A never-before-seen phenomenon has been discovered at the bottom of the ocean off the coast of Oregon.
Researchers have named it Pythia’s Oasis after an ancient Greek priestess.
The phenomenon involves holes spewing warm fluids from the boundary between tectonic plates.
The discovery could potentially provide insight into earthquake risk along the dangerous fault of the Cascadia subduction zone.
This zone stretches from Vancouver Island to northern California and has the capacity to produce earthquakes of magnitude 9 or more.
The vents are located off the coast of Newport, Oregon, 3,412 feet below the ocean surface.
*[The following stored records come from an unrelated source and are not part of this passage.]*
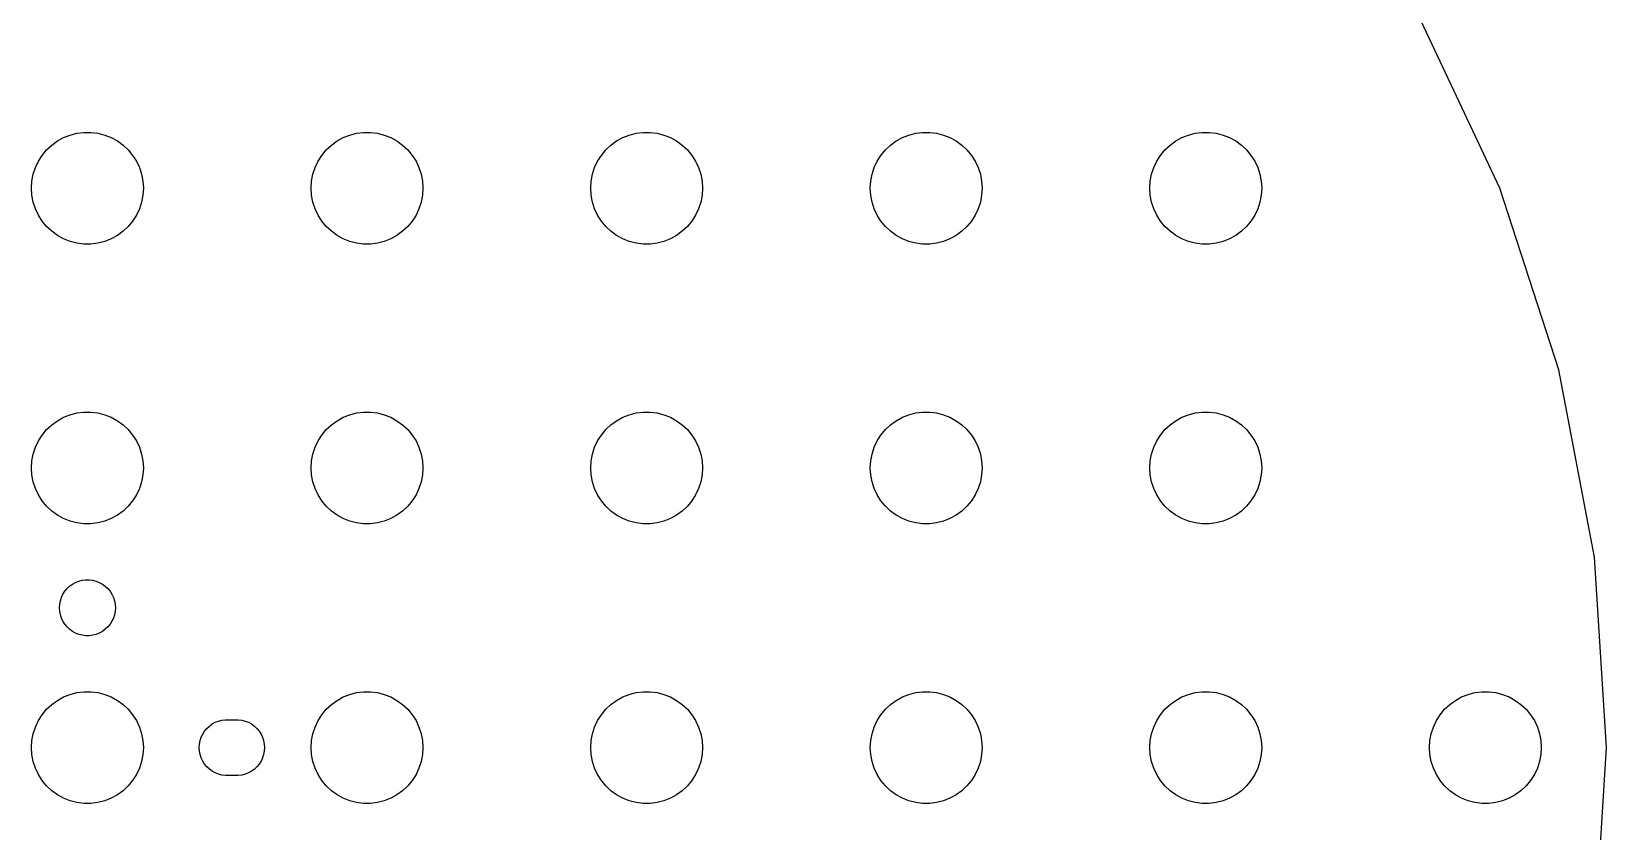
# Model space of a CAD drawing. Header units: metres. Extents: x -82 to 82, y -81 to 81.
# Drawn here: x -3 to 81.5, y -4.5 to 38.4 of the extents above; entities that cross this region are included whole.
import ezdxf

# ---------------------------------------------------------------- set-up
doc = ezdxf.new("R2010")
doc.units = ezdxf.units.M

msp = doc.modelspace()

# ---------------------------------------------------------------- linework, layer by layer
for p, q in [((75.7768, 30.0022), (71.419, 39.2629)), ((-0.562134, 32.9469), (-0.18837, 32.9941)), ((-0.18837, 32.9941), (0.18837, 32.9941)), ((0.18837, 32.9941), (0.562134, 32.9469)), ((14.4379, 32.9469), (14.8116, 32.9941)), ((14.8116, 32.9941), (15.1884, 32.9941)), ((15.1884, 32.9941), (15.5621, 32.9469)), ((29.4379, 32.9469), (29.8116, 32.9941)), ((29.8116, 32.9941), (30.1884, 32.9941)), ((30.1884, 32.9941), (30.5621, 32.9469)), ((44.4379, 32.9469), (44.8116, 32.9941)), ((44.8116, 32.9941), (45.1884, 32.9941)), ((45.1884, 32.9941), (45.5621, 32.9469)), ((59.4379, 32.9469), (59.8116, 32.9941)), ((59.8116, 32.9941), (60.1884, 32.9941)), ((60.1884, 32.9941), (60.5621, 32.9469)), ((-2.1869, 32.0536), (-1.91226, 32.3115)), ((-1.91226, 32.3115), (-1.60747, 32.533)), ((-1.60747, 32.533), (-1.27733, 32.7145)), ((-1.27733, 32.7145), (-0.927048, 32.8532)), ((-0.927048, 32.8532), (-0.562134, 32.9469)), ((0.562134, 32.9469), (0.927048, 32.8532)), ((0.927048, 32.8532), (1.27733, 32.7145)), ((1.27733, 32.7145), (1.60747, 32.533)), ((1.60747, 32.533), (1.91226, 32.3115)), ((1.91226, 32.3115), (2.1869, 32.0536)), ((12.8131, 32.0536), (13.0877, 32.3115)), ((13.0877, 32.3115), (13.3925, 32.533)), ((13.3925, 32.533), (13.7227, 32.7145)), ((13.7227, 32.7145), (14.0729, 32.8532)), ((14.0729, 32.8532), (14.4379, 32.9469)), ((15.5621, 32.9469), (15.927, 32.8532)), ((15.927, 32.8532), (16.2773, 32.7145)), ((16.2773, 32.7145), (16.6075, 32.533)), ((16.6075, 32.533), (16.9123, 32.3115)), ((16.9123, 32.3115), (17.1869, 32.0536)), ((27.8131, 32.0536), (28.0877, 32.3115)), ((28.0877, 32.3115), (28.3925, 32.533)), ((28.3925, 32.533), (28.7227, 32.7145)), ((28.7227, 32.7145), (29.0729, 32.8532)), ((29.0729, 32.8532), (29.4379, 32.9469)), ((30.5621, 32.9469), (30.927, 32.8532)), ((30.927, 32.8532), (31.2773, 32.7145)), ((31.2773, 32.7145), (31.6075, 32.533)), ((31.6075, 32.533), (31.9123, 32.3115)), ((31.9123, 32.3115), (32.1869, 32.0536)), ((42.8131, 32.0536), (43.0877, 32.3115)), ((43.0877, 32.3115), (43.3925, 32.533)), ((43.3925, 32.533), (43.7227, 32.7145)), ((43.7227, 32.7145), (44.0729, 32.8532)), ((44.0729, 32.8532), (44.4379, 32.9469)), ((45.5621, 32.9469), (45.927, 32.8532)), ((45.927, 32.8532), (46.2773, 32.7145)), ((46.2773, 32.7145), (46.6075, 32.533)), ((46.6075, 32.533), (46.9123, 32.3115)), ((46.9123, 32.3115), (47.1869, 32.0536)), ((57.8131, 32.0536), (58.0877, 32.3115)), ((58.0877, 32.3115), (58.3925, 32.533)), ((58.3925, 32.533), (58.7227, 32.7145)), ((58.7227, 32.7145), (59.0729, 32.8532)), ((59.0729, 32.8532), (59.4379, 32.9469)), ((60.5621, 32.9469), (60.927, 32.8532)), ((60.927, 32.8532), (61.2773, 32.7145)), ((61.2773, 32.7145), (61.6075, 32.533)), ((61.6075, 32.533), (61.9123, 32.3115)), ((61.9123, 32.3115), (62.1869, 32.0536)), ((-2.78932, 31.1044), (-2.62891, 31.4453)), ((-2.62891, 31.4453), (-2.42705, 31.7634)), ((-2.42705, 31.7634), (-2.1869, 32.0536)), ((2.1869, 32.0536), (2.42705, 31.7634)), ((2.42705, 31.7634), (2.62891, 31.4453)), ((2.62891, 31.4453), (2.78932, 31.1044)), ((12.2107, 31.1044), (12.3711, 31.4453)), ((12.3711, 31.4453), (12.5729, 31.7634)), ((12.5729, 31.7634), (12.8131, 32.0536)), ((17.1869, 32.0536), (17.427, 31.7634)), ((17.427, 31.7634), (17.6289, 31.4453)), ((17.6289, 31.4453), (17.7893, 31.1044)), ((27.2107, 31.1044), (27.3711, 31.4453)), ((27.3711, 31.4453), (27.5729, 31.7634)), ((27.5729, 31.7634), (27.8131, 32.0536)), ((32.1869, 32.0536), (32.427, 31.7634)), ((32.427, 31.7634), (32.6289, 31.4453)), ((32.6289, 31.4453), (32.7893, 31.1044)), ((42.2107, 31.1044), (42.3711, 31.4453)), ((42.3711, 31.4453), (42.5729, 31.7634)), ((42.5729, 31.7634), (42.8131, 32.0536)), ((47.1869, 32.0536), (47.427, 31.7634)), ((47.427, 31.7634), (47.6289, 31.4453)), ((47.6289, 31.4453), (47.7893, 31.1044)), ((57.2107, 31.1044), (57.3711, 31.4453)), ((57.3711, 31.4453), (57.5729, 31.7634)), ((57.5729, 31.7634), (57.8131, 32.0536)), ((62.1869, 32.0536), (62.427, 31.7634)), ((62.427, 31.7634), (62.6289, 31.4453)), ((62.6289, 31.4453), (62.7893, 31.1044)), ((-2.97633, 30.376), (-2.90575, 30.7461)), ((-2.90575, 30.7461), (-2.78932, 31.1044)), ((2.78932, 31.1044), (2.90575, 30.7461)), ((2.90575, 30.7461), (2.97633, 30.376)), ((12.0237, 30.376), (12.0942, 30.7461)), ((12.0942, 30.7461), (12.2107, 31.1044)), ((17.7893, 31.1044), (17.9057, 30.7461)), ((17.9057, 30.7461), (17.9763, 30.376)), ((27.0237, 30.376), (27.0942, 30.7461)), ((27.0942, 30.7461), (27.2107, 31.1044)), ((32.7893, 31.1044), (32.9057, 30.7461)), ((32.9057, 30.7461), (32.9763, 30.376)), ((42.0237, 30.376), (42.0942, 30.7461)), ((42.0942, 30.7461), (42.2107, 31.1044)), ((47.7893, 31.1044), (47.9057, 30.7461)), ((47.9057, 30.7461), (47.9763, 30.376)), ((57.0237, 30.376), (57.0942, 30.7461)), ((57.0942, 30.7461), (57.2107, 31.1044)), ((62.7893, 31.1044), (62.9057, 30.7461)), ((62.9057, 30.7461), (62.9763, 30.376)), ((-3, 30), (-2.97633, 30.376)), ((-2.97633, 29.624), (-3, 30)), ((-2.90575, 29.2539), (-2.97633, 29.624)), ((2.97633, 29.624), (2.90575, 29.2539)), ((2.97633, 30.376), (3, 30)), ((3, 30), (2.97633, 29.624)), ((12, 30), (12.0237, 30.376)), ((12.0237, 29.624), (12, 30)), ((12.0942, 29.2539), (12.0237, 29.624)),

The fluids are bubbling from deep within the fault and originate from about 2.5 miles deep near where the plates meet.
The vents could influence how the plates interact, which could ultimately affect how and when earthquakes occur in the region.
The fluids are 16 degrees Fahrenheit warmer than the surrounding seawater and rich in minerals such as boron and lithium.
The fluids are coming from the crust that was last on the surface 2 million years ago.
The plumbing underlying the newly discovered vents is still largely unknown.
It remains uncertain how the fluids affect the behavior of the fault.
More work will be needed to understand if or how these fluids affect earthquake risk in the Pacific Northwest.